[YOUR TASK] Please retype the records below exactly, from the first line through the line containing "#31=EDGE_CURVE('E121',#30,#30,#28,.T.);", and leave out any pictures.

[GIVEN INFORMATION]

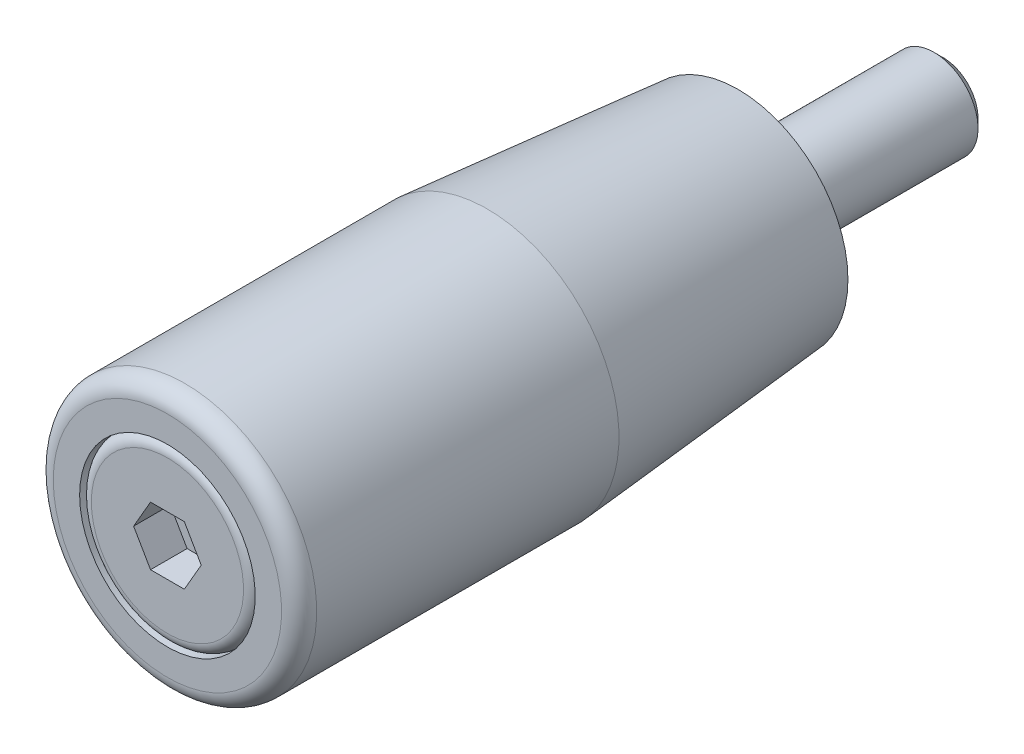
ISO-10303-21;
HEADER;
FILE_DESCRIPTION(('STEP AP214'),'2;1');
FILE_NAME('part.step','',(''),(''),'','','');
FILE_SCHEMA(('AUTOMOTIVE_DESIGN { 1 0 10303 214 1 1 1 1 }'));
ENDSEC;
DATA;
#1=APPLICATION_CONTEXT('core data for automotive mechanical design processes');
#2=APPLICATION_PROTOCOL_DEFINITION('international standard','automotive_design',2000,#1);
#3=PRODUCT_CONTEXT('',#1,'mechanical');
#4=PRODUCT('Part','Part','',(#3));
#5=PRODUCT_RELATED_PRODUCT_CATEGORY('part','',(#4));
#6=PRODUCT_DEFINITION_FORMATION('','',#4);
#7=PRODUCT_DEFINITION_CONTEXT('part definition',#1,'design');
#8=PRODUCT_DEFINITION('design','',#6,#7);
#9=PRODUCT_DEFINITION_SHAPE('','',#8);
#10=(LENGTH_UNIT() NAMED_UNIT(*) SI_UNIT(.MILLI.,.METRE.));
#11=(NAMED_UNIT(*) PLANE_ANGLE_UNIT() SI_UNIT($,.RADIAN.));
#12=(NAMED_UNIT(*) SI_UNIT($,.STERADIAN.) SOLID_ANGLE_UNIT());
#13=UNCERTAINTY_MEASURE_WITH_UNIT(LENGTH_MEASURE(1.E-05),#10,'distance_accuracy_value','');
#14=(GEOMETRIC_REPRESENTATION_CONTEXT(3) GLOBAL_UNCERTAINTY_ASSIGNED_CONTEXT((#13)) GLOBAL_UNIT_ASSIGNED_CONTEXT((#10,
#11,#12)) REPRESENTATION_CONTEXT('',''));
#15=CARTESIAN_POINT('',(0.,0.,0.));
#16=DIRECTION('',(0.,0.,1.));
#17=DIRECTION('',(1.,0.,0.));
#18=AXIS2_PLACEMENT_3D('',#15,#16,#17);
#19=CARTESIAN_POINT('',(0.,-2.,0.));
#20=DIRECTION('',(0.,0.,1.));
#21=DIRECTION('',(-1.,0.,0.));
#22=AXIS2_PLACEMENT_3D('',#19,#20,#21);
#23=PLANE('',#22);
#24=CARTESIAN_POINT('',(0.,0.,0.));
#25=DIRECTION('',(0.,0.,1.));
#26=DIRECTION('',(-1.,0.,0.));
#27=AXIS2_PLACEMENT_3D('',#24,#25,#26);
#28=CIRCLE('',#27,4.);
#29=CARTESIAN_POINT('',(-4.,0.,0.));
#30=VERTEX_POINT('',#29);
#31=EDGE_CURVE('E121',#30,#30,#28,.T.);
#32=ORIENTED_EDGE('',*,*,#31,.F.);
#33=EDGE_LOOP('',(#32));
#34=FACE_BOUND('',#33,.T.);
#35=CARTESIAN_POINT('',(0.,0.,0.));
#36=DIRECTION('',(0.,0.,1.));
#37=DIRECTION('',(-1.,0.,0.));
#38=AXIS2_PLACEMENT_3D('',#35,#36,#37);
#39=CIRCLE('',#38,2.);
#40=CARTESIAN_POINT('',(-2.,0.,0.));
#41=VERTEX_POINT('',#40);
#42=EDGE_CURVE('E124',#41,#41,#39,.T.);
#43=ORIENTED_EDGE('',*,*,#42,.T.);
#44=EDGE_LOOP('',(#43));
#45=FACE_BOUND('',#44,.T.);
#46=ADVANCED_FACE('F15',(#34,#45),#23,.F.);
#47=CARTESIAN_POINT('',(0.,-2.7931850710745E-13,40.));
#48=DIRECTION('',(0.,0.,1.));
#49=DIRECTION('',(-1.,0.,0.));
#50=AXIS2_PLACEMENT_3D('',#47,#48,#49);
#51=CYLINDRICAL_SURFACE('',#50,2.);
#52=ORIENTED_EDGE('',*,*,#42,.F.);
#53=EDGE_LOOP('',(#52));
#54=FACE_BOUND('',#53,.T.);
#55=CARTESIAN_POINT('',(0.,0.,-1.5));
#56=DIRECTION('',(0.,0.,1.));
#57=DIRECTION('',(-1.,0.,0.));
#58=AXIS2_PLACEMENT_3D('',#55,#56,#57);
#59=CIRCLE('',#58,2.);
#60=CARTESIAN_POINT('',(-2.,0.,-1.5));
#61=VERTEX_POINT('',#60);
#62=EDGE_CURVE('E127',#61,#61,#59,.T.);
#63=ORIENTED_EDGE('',*,*,#62,.T.);
#64=EDGE_LOOP('',(#63));
#65=FACE_BOUND('',#64,.T.);
#66=ADVANCED_FACE('F246',(#54,#65),#51,.T.);
#67=CARTESIAN_POINT('',(0.,-2.3865,-1.5));
#68=DIRECTION('',(0.,0.,-1.));
#69=DIRECTION('',(1.,0.,0.));
#70=AXIS2_PLACEMENT_3D('',#67,#68,#69);
#71=PLANE('',#70);
#72=ORIENTED_EDGE('',*,*,#62,.F.);
#73=EDGE_LOOP('',(#72));
#74=FACE_BOUND('',#73,.T.);
#75=CARTESIAN_POINT('',(0.,0.,-1.5));
#76=DIRECTION('',(0.,0.,1.));
#77=DIRECTION('',(-1.,0.,0.));
#78=AXIS2_PLACEMENT_3D('',#75,#76,#77);
#79=CIRCLE('',#78,2.3865);
#80=CARTESIAN_POINT('',(-2.3865,0.,-1.5));
#81=VERTEX_POINT('',#80);
#82=EDGE_CURVE('E130',#81,#81,#79,.T.);
#83=ORIENTED_EDGE('',*,*,#82,.T.);
#84=EDGE_LOOP('',(#83));
#85=FACE_BOUND('',#84,.T.);
#86=ADVANCED_FACE('F242',(#74,#85),#71,.F.);
#87=CARTESIAN_POINT('',(0.,0.,-2.1135));
#88=DIRECTION('',(0.,0.,-1.));
#89=DIRECTION('',(1.,0.,0.));
#90=AXIS2_PLACEMENT_3D('',#87,#88,#89);
#91=CONICAL_SURFACE('',#90,3.,0.785398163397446);
#92=ORIENTED_EDGE('',*,*,#82,.F.);
#93=EDGE_LOOP('',(#92));
#94=FACE_BOUND('',#93,.T.);
#95=CARTESIAN_POINT('',(0.,0.,-2.1135));
#96=DIRECTION('',(0.,0.,1.));
#97=DIRECTION('',(-1.,0.,0.));
#98=AXIS2_PLACEMENT_3D('',#95,#96,#97);
#99=CIRCLE('',#98,3.);
#100=CARTESIAN_POINT('',(-3.,0.,-2.1135));
#101=VERTEX_POINT('',#100);
#102=EDGE_CURVE('E133',#101,#101,#99,.T.);
#103=ORIENTED_EDGE('',*,*,#102,.T.);
#104=EDGE_LOOP('',(#103));
#105=FACE_BOUND('',#104,.T.);
#106=ADVANCED_FACE('F238',(#94,#105),#91,.T.);
#107=CARTESIAN_POINT('',(0.,-2.7931850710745E-13,40.));
#108=DIRECTION('',(0.,0.,1.));
#109=DIRECTION('',(-1.,0.,0.));
#110=AXIS2_PLACEMENT_3D('',#107,#108,#109);
#111=CYLINDRICAL_SURFACE('',#110,3.);
#112=ORIENTED_EDGE('',*,*,#102,.F.);
#113=EDGE_LOOP('',(#112));
#114=FACE_BOUND('',#113,.T.);
#115=CARTESIAN_POINT('',(0.,0.,-12.3865));
#116=DIRECTION('',(0.,0.,1.));
#117=DIRECTION('',(-1.,0.,0.));
#118=AXIS2_PLACEMENT_3D('',#115,#116,#117);
#119=CIRCLE('',#118,3.);
#120=CARTESIAN_POINT('',(-3.,0.,-12.3865));
#121=VERTEX_POINT('',#120);
#122=EDGE_CURVE('E136',#121,#121,#119,.T.);
#123=ORIENTED_EDGE('',*,*,#122,.T.);
#124=EDGE_LOOP('',(#123));
#125=FACE_BOUND('',#124,.T.);
#126=ADVANCED_FACE('F234',(#114,#125),#111,.T.);
#127=CARTESIAN_POINT('',(0.,0.,-13.));
#128=DIRECTION('',(0.,0.,1.));
#129=DIRECTION('',(-1.,0.,0.));
#130=AXIS2_PLACEMENT_3D('',#127,#128,#129);
#131=CONICAL_SURFACE('',#130,2.3865,0.785398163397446);
#132=ORIENTED_EDGE('',*,*,#122,.F.);
#133=EDGE_LOOP('',(#132));
#134=FACE_BOUND('',#133,.T.);
#135=CARTESIAN_POINT('',(0.,0.,-13.));
#136=DIRECTION('',(0.,0.,1.));
#137=DIRECTION('',(-1.,0.,0.));
#138=AXIS2_PLACEMENT_3D('',#135,#136,#137);
#139=CIRCLE('',#138,2.3865);
#140=CARTESIAN_POINT('',(-2.3865,0.,-13.));
#141=VERTEX_POINT('',#140);
#142=EDGE_CURVE('E139',#141,#141,#139,.T.);
#143=ORIENTED_EDGE('',*,*,#142,.T.);
#144=EDGE_LOOP('',(#143));
#145=FACE_BOUND('',#144,.T.);
#146=ADVANCED_FACE('F230',(#134,#145),#131,.T.);
#147=CARTESIAN_POINT('',(0.,0.,-13.));
#148=DIRECTION('',(0.,0.,1.));
#149=DIRECTION('',(-1.,0.,0.));
#150=AXIS2_PLACEMENT_3D('',#147,#148,#149);
#151=PLANE('',#150);
#152=ORIENTED_EDGE('',*,*,#142,.F.);
#153=EDGE_LOOP('',(#152));
#154=FACE_BOUND('',#153,.T.);
#155=ADVANCED_FACE('F202',(#154),#151,.F.);
#156=CARTESIAN_POINT('',(0.,-2.7931850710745E-13,40.));
#157=DIRECTION('',(0.,0.,1.));
#158=DIRECTION('',(-1.,0.,0.));
#159=AXIS2_PLACEMENT_3D('',#156,#157,#158);
#160=CYLINDRICAL_SURFACE('',#159,4.);
#161=CARTESIAN_POINT('',(0.,0.,1.));
#162=DIRECTION('',(0.,0.,-1.));
#163=DIRECTION('',(1.,0.,0.));
#164=AXIS2_PLACEMENT_3D('',#161,#162,#163);
#165=CIRCLE('',#164,4.);
#166=CARTESIAN_POINT('',(4.,0.,1.));
#167=VERTEX_POINT('',#166);
#168=EDGE_CURVE('E9',#167,#167,#165,.T.);
#169=ORIENTED_EDGE('',*,*,#168,.T.);
#170=EDGE_LOOP('',(#169));
#171=FACE_BOUND('',#170,.T.);
#172=ORIENTED_EDGE('',*,*,#31,.T.);
#173=EDGE_LOOP('',(#172));
#174=FACE_BOUND('',#173,.T.);
#175=ADVANCED_FACE('F194',(#171,#174),#160,.T.);
#176=CARTESIAN_POINT('',(0.,-2.7931850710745E-13,40.));
#177=DIRECTION('',(0.,0.,1.));
#178=DIRECTION('',(-1.,0.,0.));
#179=AXIS2_PLACEMENT_3D('',#176,#177,#178);
#180=CYLINDRICAL_SURFACE('',#179,6.);
#181=CARTESIAN_POINT('',(0.,-2.7931850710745E-13,40.));
#182=DIRECTION('',(0.,0.,1.));
#183=DIRECTION('',(-1.,0.,0.));
#184=AXIS2_PLACEMENT_3D('',#181,#182,#183);
#185=CIRCLE('',#184,6.);
#186=CARTESIAN_POINT('',(-6.,-2.7931850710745E-13,40.));
#187=VERTEX_POINT('',#186);
#188=EDGE_CURVE('E167',#187,#187,#185,.T.);
#189=ORIENTED_EDGE('',*,*,#188,.T.);
#190=EDGE_LOOP('',(#189));
#191=FACE_BOUND('',#190,.T.);
#192=CARTESIAN_POINT('',(0.,-2.73732136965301E-13,39.2));
#193=DIRECTION('',(0.,0.,1.));
#194=DIRECTION('',(-1.,0.,0.));
#195=AXIS2_PLACEMENT_3D('',#192,#193,#194);
#196=CIRCLE('',#195,6.);
#197=CARTESIAN_POINT('',(-6.,-2.73732136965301E-13,39.2));
#198=VERTEX_POINT('',#197);
#199=EDGE_CURVE('E112',#198,#198,#196,.T.);
#200=ORIENTED_EDGE('',*,*,#199,.F.);
#201=EDGE_LOOP('',(#200));
#202=FACE_BOUND('',#201,.T.);
#203=ADVANCED_FACE('F180',(#191,#202),#180,.F.);
#204=CARTESIAN_POINT('',(0.,-6.00000000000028,40.));
#205=DIRECTION('',(0.,0.,1.));
#206=DIRECTION('',(-1.,0.,0.));
#207=AXIS2_PLACEMENT_3D('',#204,#205,#206);
#208=PLANE('',#207);
#209=CARTESIAN_POINT('',(0.,-2.7931850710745E-13,40.));
#210=DIRECTION('',(0.,0.,1.));
#211=DIRECTION('',(-1.,0.,0.));
#212=AXIS2_PLACEMENT_3D('',#209,#210,#211);
#213=CIRCLE('',#212,7.8);
#214=CARTESIAN_POINT('',(-7.8,-2.7931850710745E-13,40.));
#215=VERTEX_POINT('',#214);
#216=EDGE_CURVE('E165',#215,#215,#213,.T.);
#217=ORIENTED_EDGE('',*,*,#216,.T.);
#218=EDGE_LOOP('',(#217));
#219=FACE_BOUND('',#218,.T.);
#220=ORIENTED_EDGE('',*,*,#188,.F.);
#221=EDGE_LOOP('',(#220));
#222=FACE_BOUND('',#221,.T.);
#223=ADVANCED_FACE('F211',(#219,#222),#208,.T.);
#224=CARTESIAN_POINT('',(0.,-2.70938951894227E-13,38.8));
#225=DIRECTION('',(0.,0.,1.));
#226=DIRECTION('',(-1.,0.,0.));
#227=AXIS2_PLACEMENT_3D('',#224,#225,#226);
#228=TOROIDAL_SURFACE('',#227,7.8,1.2);
#229=CARTESIAN_POINT('',(0.,-2.70938951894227E-13,38.8));
#230=DIRECTION('',(0.,0.,1.));
#231=DIRECTION('',(-1.,0.,0.));
#232=AXIS2_PLACEMENT_3D('',#229,#230,#231);
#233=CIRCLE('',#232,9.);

[EXPECTED ANSWER]
ISO-10303-21;
HEADER;
FILE_DESCRIPTION(('STEP AP214'),'2;1');
FILE_NAME('part.step','',(''),(''),'','','');
FILE_SCHEMA(('AUTOMOTIVE_DESIGN { 1 0 10303 214 1 1 1 1 }'));
ENDSEC;
DATA;
#1=APPLICATION_CONTEXT('core data for automotive mechanical design processes');
#2=APPLICATION_PROTOCOL_DEFINITION('international standard','automotive_design',2000,#1);
#3=PRODUCT_CONTEXT('',#1,'mechanical');
#4=PRODUCT('Part','Part','',(#3));
#5=PRODUCT_RELATED_PRODUCT_CATEGORY('part','',(#4));
#6=PRODUCT_DEFINITION_FORMATION('','',#4);
#7=PRODUCT_DEFINITION_CONTEXT('part definition',#1,'design');
#8=PRODUCT_DEFINITION('design','',#6,#7);
#9=PRODUCT_DEFINITION_SHAPE('','',#8);
#10=(LENGTH_UNIT() NAMED_UNIT(*) SI_UNIT(.MILLI.,.METRE.));
#11=(NAMED_UNIT(*) PLANE_ANGLE_UNIT() SI_UNIT($,.RADIAN.));
#12=(NAMED_UNIT(*) SI_UNIT($,.STERADIAN.) SOLID_ANGLE_UNIT());
#13=UNCERTAINTY_MEASURE_WITH_UNIT(LENGTH_MEASURE(1.E-05),#10,'distance_accuracy_value','');
#14=(GEOMETRIC_REPRESENTATION_CONTEXT(3) GLOBAL_UNCERTAINTY_ASSIGNED_CONTEXT((#13)) GLOBAL_UNIT_ASSIGNED_CONTEXT((#10,
#11,#12)) REPRESENTATION_CONTEXT('',''));
#15=CARTESIAN_POINT('',(0.,0.,0.));
#16=DIRECTION('',(0.,0.,1.));
#17=DIRECTION('',(1.,0.,0.));
#18=AXIS2_PLACEMENT_3D('',#15,#16,#17);
#19=CARTESIAN_POINT('',(0.,-2.,0.));
#20=DIRECTION('',(0.,0.,1.));
#21=DIRECTION('',(-1.,0.,0.));
#22=AXIS2_PLACEMENT_3D('',#19,#20,#21);
#23=PLANE('',#22);
#24=CARTESIAN_POINT('',(0.,0.,0.));
#25=DIRECTION('',(0.,0.,1.));
#26=DIRECTION('',(-1.,0.,0.));
#27=AXIS2_PLACEMENT_3D('',#24,#25,#26);
#28=CIRCLE('',#27,4.);
#29=CARTESIAN_POINT('',(-4.,0.,0.));
#30=VERTEX_POINT('',#29);
#31=EDGE_CURVE('E121',#30,#30,#28,.T.);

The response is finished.